*** Opening Provided entries ***

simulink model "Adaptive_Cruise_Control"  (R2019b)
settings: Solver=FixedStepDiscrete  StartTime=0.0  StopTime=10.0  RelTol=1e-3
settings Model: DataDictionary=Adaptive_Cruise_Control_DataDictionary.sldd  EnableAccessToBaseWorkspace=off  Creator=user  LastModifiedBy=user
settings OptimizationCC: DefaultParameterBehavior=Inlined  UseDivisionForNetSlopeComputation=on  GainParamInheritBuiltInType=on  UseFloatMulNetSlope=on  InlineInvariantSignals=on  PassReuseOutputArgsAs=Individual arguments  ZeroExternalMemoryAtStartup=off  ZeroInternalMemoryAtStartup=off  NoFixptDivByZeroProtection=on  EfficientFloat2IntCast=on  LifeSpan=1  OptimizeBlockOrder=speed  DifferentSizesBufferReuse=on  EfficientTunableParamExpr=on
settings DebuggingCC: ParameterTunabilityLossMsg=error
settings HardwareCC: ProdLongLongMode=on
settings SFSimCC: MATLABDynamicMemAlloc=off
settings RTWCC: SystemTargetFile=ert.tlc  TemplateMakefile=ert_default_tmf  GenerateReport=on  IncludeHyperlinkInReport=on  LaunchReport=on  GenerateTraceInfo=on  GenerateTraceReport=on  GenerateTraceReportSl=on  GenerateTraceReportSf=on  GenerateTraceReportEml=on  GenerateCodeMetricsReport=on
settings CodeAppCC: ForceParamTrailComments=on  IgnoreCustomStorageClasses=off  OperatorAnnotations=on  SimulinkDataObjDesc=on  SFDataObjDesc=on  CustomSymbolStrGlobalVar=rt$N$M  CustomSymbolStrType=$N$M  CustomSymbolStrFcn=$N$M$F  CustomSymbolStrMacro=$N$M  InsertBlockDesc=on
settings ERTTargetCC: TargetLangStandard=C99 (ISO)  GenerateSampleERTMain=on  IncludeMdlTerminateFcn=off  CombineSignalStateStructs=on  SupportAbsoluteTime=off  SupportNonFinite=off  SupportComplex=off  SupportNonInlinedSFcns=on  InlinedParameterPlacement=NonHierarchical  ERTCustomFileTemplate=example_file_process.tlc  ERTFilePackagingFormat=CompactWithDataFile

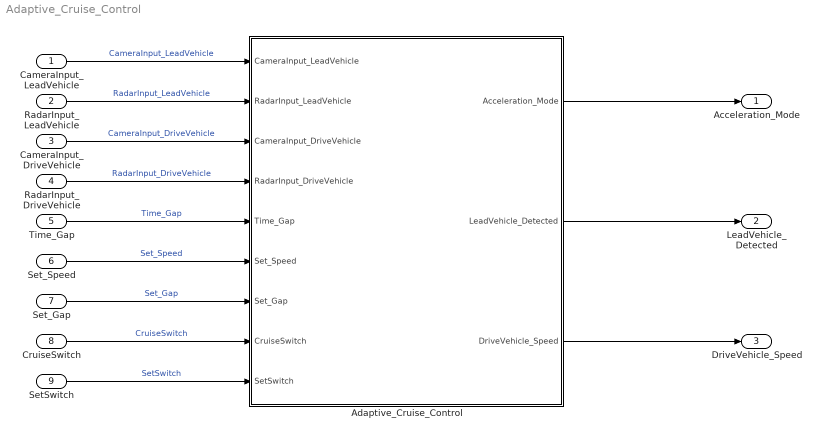
== system Adaptive_Cruise_Control ==
  CameraInput_LeadVehicle : Inport  OutMin=0  OutMax=255  OutDataTypeStr=uint8  PortDimensions=1  SampleTime=0.01
  RadarInput_LeadVehicle : Inport  Port=2  OutMin=0  OutMax=255  OutDataTypeStr=uint8  PortDimensions=1  SampleTime=0.01
  CameraInput_DriveVehicle : Inport  Port=3  OutMin=0  OutMax=255  OutDataTypeStr=uint8  PortDimensions=1  SampleTime=0.01
  RadarInput_DriveVehicle : Inport  Port=4  OutMin=0  OutMax=255  OutDataTypeStr=uint8  PortDimensions=1  SampleTime=0.01
  Time_Gap : Inport  Port=5  OutMin=0  OutMax=255  OutDataTypeStr=uint8  PortDimensions=1  SampleTime=0.01
  Set_Speed : Inport  Port=6  OutMin=0  OutMax=255  OutDataTypeStr=uint8  PortDimensions=1  SampleTime=0.01
  Set_Gap : Inport  Port=7  OutMin=0  OutMax=255  OutDataTypeStr=uint8  PortDimensions=1  SampleTime=0.01
  CruiseSwitch : Inport  Port=8  OutMin=0  OutMax=1  OutDataTypeStr=boolean  PortDimensions=1  SampleTime=0.01
  SetSwitch : Inport  Port=9  OutMin=0  OutMax=1  OutDataTypeStr=boolean  PortDimensions=1  SampleTime=0.01
  Adaptive_Cruise_Control : Subsystem
  Acceleration_Mode : Outport
  LeadVehicle_Detected : Outport  Port=2
  DriveVehicle_Speed : Outport  Port=3
  wires:
  CameraInput_LeadVehicle/1 -> Adaptive_Cruise_Control/1(CameraInput_LeadVehicle)  "CameraInput_LeadVehicle"
  RadarInput_LeadVehicle/1 -> Adaptive_Cruise_Control/2(RadarInput_LeadVehicle)  "RadarInput_LeadVehicle"
  CameraInput_DriveVehicle/1 -> Adaptive_Cruise_Control/3(CameraInput_DriveVehicle)  "CameraInput_DriveVehicle"
  RadarInput_DriveVehicle/1 -> Adaptive_Cruise_Control/4(RadarInput_DriveVehicle)  "RadarInput_DriveVehicle"
  Time_Gap/1 -> Adaptive_Cruise_Control/5(Time_Gap)  "Time_Gap"
  Set_Speed/1 -> Adaptive_Cruise_Control/6(Set_Speed)  "Set_Speed"
  Set_Gap/1 -> Adaptive_Cruise_Control/7(Set_Gap)  "Set_Gap"
  Adaptive_Cruise_Control/1(Acceleration_Mode) -> Acceleration_Mode/1
  Adaptive_Cruise_Control/2(LeadVehicle_Detected) -> LeadVehicle_Detected/1
  Adaptive_Cruise_Control/3(DriveVehicle_Speed) -> DriveVehicle_Speed/1
  CruiseSwitch/1 -> Adaptive_Cruise_Control/8(CruiseSwitch)  "CruiseSwitch"
  SetSwitch/1 -> Adaptive_Cruise_Control/9(SetSwitch)  "SetSwitch"

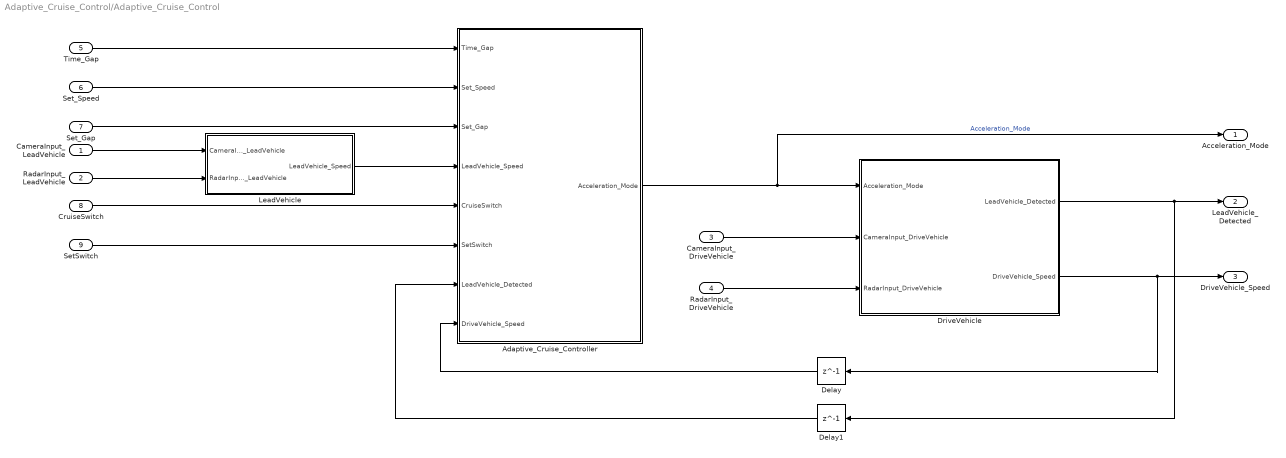
== system Adaptive_Cruise_Control/Adaptive_Cruise_Control ==
  CameraInput_LeadVehicle : Inport
  RadarInput_LeadVehicle : Inport  Port=2
  CameraInput_DriveVehicle : Inport  Port=3
  RadarInput_DriveVehicle : Inport  Port=4
  Time_Gap : Inport  Port=5
  Set_Speed : Inport  Port=6
  Set_Gap : Inport  Port=7
  CruiseSwitch : Inport  Port=8
  SetSwitch : Inport  Port=9
  Adaptive_Cruise_Controller : Stateflow chart  BlockKeywords=__PRM__SERIALIZED__DATA__:Stateflow Chart,Stateflow Diagram  TreatAsAtomicUnit=on
  Delay : Delay  DelayLength=1  SampleTime=0.01
  Delay1 : Delay  DelayLength=1  SampleTime=0.01
  DriveVehicle : Subsystem
  LeadVehicle : Subsystem
  Acceleration_Mode : Outport
  LeadVehicle_Detected : Outport  Port=2
  DriveVehicle_Speed : Outport  Port=3
  wires:
  CameraInput_DriveVehicle/1 -> DriveVehicle/2(CameraInput_DriveVehicle)
  RadarInput_DriveVehicle/1 -> DriveVehicle/3(RadarInput_DriveVehicle)
  RadarInput_LeadVehicle/1 -> LeadVehicle/2(RadarInput_LeadVehicle)
  CameraInput_LeadVehicle/1 -> LeadVehicle/1(CameraInput_LeadVehicle)
  Adaptive_Cruise_Controller/1(Acceleration_Mode) -> DriveVehicle/1(Acceleration_Mode), Acceleration_Mode/1  "Acceleration_Mode"
  DriveVehicle/2(DriveVehicle_Speed) -> DriveVehicle_Speed/1, Delay/1
  Time_Gap/1 -> Adaptive_Cruise_Controller/1(Time_Gap)
  Set_Speed/1 -> Adaptive_Cruise_Controller/2(Set_Speed)
  Set_Gap/1 -> Adaptive_Cruise_Controller/3(Set_Gap)
  LeadVehicle/1(LeadVehicle_Speed) -> Adaptive_Cruise_Controller/4(LeadVehicle_Speed)
  DriveVehicle/1(LeadVehicle_Detected) -> LeadVehicle_Detected/1, Delay1/1
  CruiseSwitch/1 -> Adaptive_Cruise_Controller/5(CruiseSwitch)
  SetSwitch/1 -> Adaptive_Cruise_Controller/6(SetSwitch)
  Delay/1 -> Adaptive_Cruise_Controller/8(DriveVehicle_Speed)
  Delay1/1 -> Adaptive_Cruise_Controller/7(LeadVehicle_Detected)

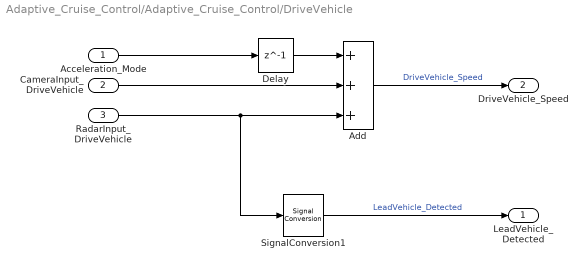
== system Adaptive_Cruise_Control/Adaptive_Cruise_Control/DriveVehicle ==
  Acceleration_Mode : Inport
  CameraInput_DriveVehicle : Inport  Port=2
  RadarInput_DriveVehicle : Inport  Port=3
  Add : Sum  Inputs=+++
  Delay : Delay  DelayLength=1  SampleTime=0.01
  SignalConversion1 : SignalConversion  OverrideOpt=off
  LeadVehicle_Detected : Outport
  DriveVehicle_Speed : Outport  Port=2
  wires:
  Add/1 -> DriveVehicle_Speed/1  "DriveVehicle_Speed"
  Acceleration_Mode/1 -> Delay/1
  CameraInput_DriveVehicle/1 -> Add/2
  RadarInput_DriveVehicle/1 -> Add/3, SignalConversion1/1
  SignalConversion1/1 -> LeadVehicle_Detected/1  "LeadVehicle_Detected"
  Delay/1 -> Add/1

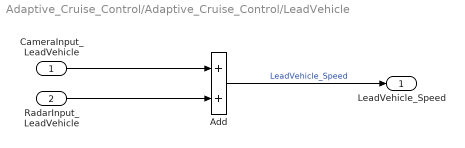
== system Adaptive_Cruise_Control/Adaptive_Cruise_Control/LeadVehicle ==
  CameraInput_LeadVehicle : Inport
  RadarInput_LeadVehicle : Inport  Port=2
  Add : Sum
  LeadVehicle_Speed : Outport
  wires:
  CameraInput_LeadVehicle/1 -> Add/1
  RadarInput_LeadVehicle/1 -> Add/2
  Add/1 -> LeadVehicle_Speed/1  "LeadVehicle_Speed"

== stateflow chart Adaptive_Cruise_Control/Adaptive_Cruise_Controller ==
  state ACC_ACTIVE_MODE
    state LeadVehicle_Not_Detected
      en:
      Acceleration_Mode = 1;
    state LeadVehicle_Speed_lessthan_Set_Speed
      en:
      Acceleration_Mode = 4;
    state LeadVehicle_Detected_Follow
      en:
      Acceleration_Mode = 2;
    state LeadVehicle_Speed_equal_Set_Speed
      en:
      Acceleration_Mode = 5;
    state LeadVehicle_Detected_Resume
      en:
      Acceleration_Mode = 3;
    state LeadVehicle_Not_Detected_Resume
      en:
      Acceleration_Mode = 1;
    LeadVehicle_Not_Detected -> LeadVehicle_Speed_lessthan_Set_Speed [order 2] : [(LeadVehicle_Detected == 1)...
        | && (LeadVehicle_Speed < Set_Speed)...
        | || (Time_Gap < Set_Gap)]
    LeadVehicle_Speed_lessthan_Set_Speed -> LeadVehicle_Not_Detected [order 1] : [(LeadVehicle_Detected == 0) && (DriveVehicle_Speed == Set_Speed)]
    LeadVehicle_Not_Detected -> LeadVehicle_Detected_Follow [order 1] : [(LeadVehicle_Detected==1) && (DriveVehicle_Speed == Set_Speed)...
        | && (LeadVehicle_Speed >= Set_Speed) && (Time_Gap >= Set_Gap)]
    LeadVehicle_Detected_Follow -> LeadVehicle_Not_Detected [order 1] : [LeadVehicle_Detected==0]
    LeadVehicle_Detected_Follow -> LeadVehicle_Speed_lessthan_Set_Speed [order 2] : [(LeadVehicle_Detected == 1) && (LeadVehicle_Speed < Set_Speed) || (Time_Gap < Set_Gap)]
    LeadVehicle_Speed_lessthan_Set_Speed -> LeadVehicle_Speed_equal_Set_Speed [order 2] : [((LeadVehicle_Speed*1.25>=DriveVehicle_Speed)...
        | && (LeadVehicle_Speed * 0.75<=DriveVehicle_Speed))...
        | && (DriveVehicle_Speed < Set_Speed)...
        | && ((Time_Gap<=1.25*Set_Gap)...
        | && (Time_Gap >=0.75*Set_Gap))]
    LeadVehicle_Speed_equal_Set_Speed -> LeadVehicle_Speed_lessthan_Set_Speed [order 3] : [(LeadVehicle_Speed<Set_Speed)...
        | && (LeadVehicle_Speed<DriveVehicle_Speed)...
        | || (Time_Gap==0.75*Set_Gap)]
    (default) -> LeadVehicle_Detected_Follow
    LeadVehicle_Detected_Resume -> LeadVehicle_Detected_Follow [order 1] : [(DriveVehicle_Speed == Set_Speed)...
        | && (LeadVehicle_Speed >= Set_Speed) && (Time_Gap >= Set_Gap)]
    LeadVehicle_Speed_equal_Set_Speed -> LeadVehicle_Detected_Resume [order 2] : [(DriveVehicle_Speed < Set_Speed) && (LeadVehicle_Speed > DriveVehicle_Speed) || (Time_Gap >= Set_Gap)]
    LeadVehicle_Detected_Resume -> LeadVehicle_Speed_equal_Set_Speed [order 3] : [(DriveVehicle_Speed < Set_Speed) && (LeadVehicle_Speed == DriveVehicle_Speed) && (Time_Gap == Set_Gap)]
    LeadVehicle_Speed_equal_Set_Speed -> LeadVehicle_Not_Detected_Resume [order 1] : [(LeadVehicle_Detected == 0) || (DriveVehicle_Speed <= Set_Speed)]
    LeadVehicle_Detected_Resume -> LeadVehicle_Not_Detected_Resume [order 2] : [LeadVehicle_Detected==0]
  state ACC_STANDBY_MODE
    en:
    Acceleration_Mode = 1;
  state ACC_OFF_MODE
    en:
    Acceleration_Mode = 0;
  ACC_ACTIVE_MODE -> ACC_OFF_MODE [order 1] : [CruiseSwitch == 0]
  ACC_STANDBY_MODE -> ACC_ACTIVE_MODE [order 2] : [SetSwitch == 1]
  ACC_ACTIVE_MODE -> ACC_STANDBY_MODE [order 2] : [SetSwitch == 0]
  ACC_OFF_MODE -> ACC_STANDBY_MODE : [CruiseSwitch == 1]
  (default) -> ACC_OFF_MODE
  ACC_STANDBY_MODE -> ACC_OFF_MODE [order 1] : [CruiseSwitch == 0]
  data: Time_Gap input; Set_Speed input; Set_Gap input; LeadVehicle_Speed input; CruiseSwitch input; SetSwitch input; LeadVehicle_Detected input; DriveVehicle_Speed input; Acceleration_Mode output

*** Closing Provided entries ***

Show the lines from the data above that contain the string "CruiseSwitch".

### Answer to the exercise
  CruiseSwitch : Inport  Port=8  OutMin=0  OutMax=1  OutDataTypeStr=boolean  PortDimensions=1  SampleTime=0.01
  CruiseSwitch/1 -> Adaptive_Cruise_Control/8(CruiseSwitch)  "CruiseSwitch"
  CruiseSwitch : Inport  Port=8
  CruiseSwitch/1 -> Adaptive_Cruise_Controller/5(CruiseSwitch)
  ACC_ACTIVE_MODE -> ACC_OFF_MODE [order 1] : [CruiseSwitch == 0]
  ACC_OFF_MODE -> ACC_STANDBY_MODE : [CruiseSwitch == 1]
  ACC_STANDBY_MODE -> ACC_OFF_MODE [order 1] : [CruiseSwitch == 0]
  data: Time_Gap input; Set_Speed input; Set_Gap input; LeadVehicle_Speed input; CruiseSwitch input; SetSwitch input; LeadVehicle_Detected input; DriveVehicle_Speed input; Acceleration_Mode output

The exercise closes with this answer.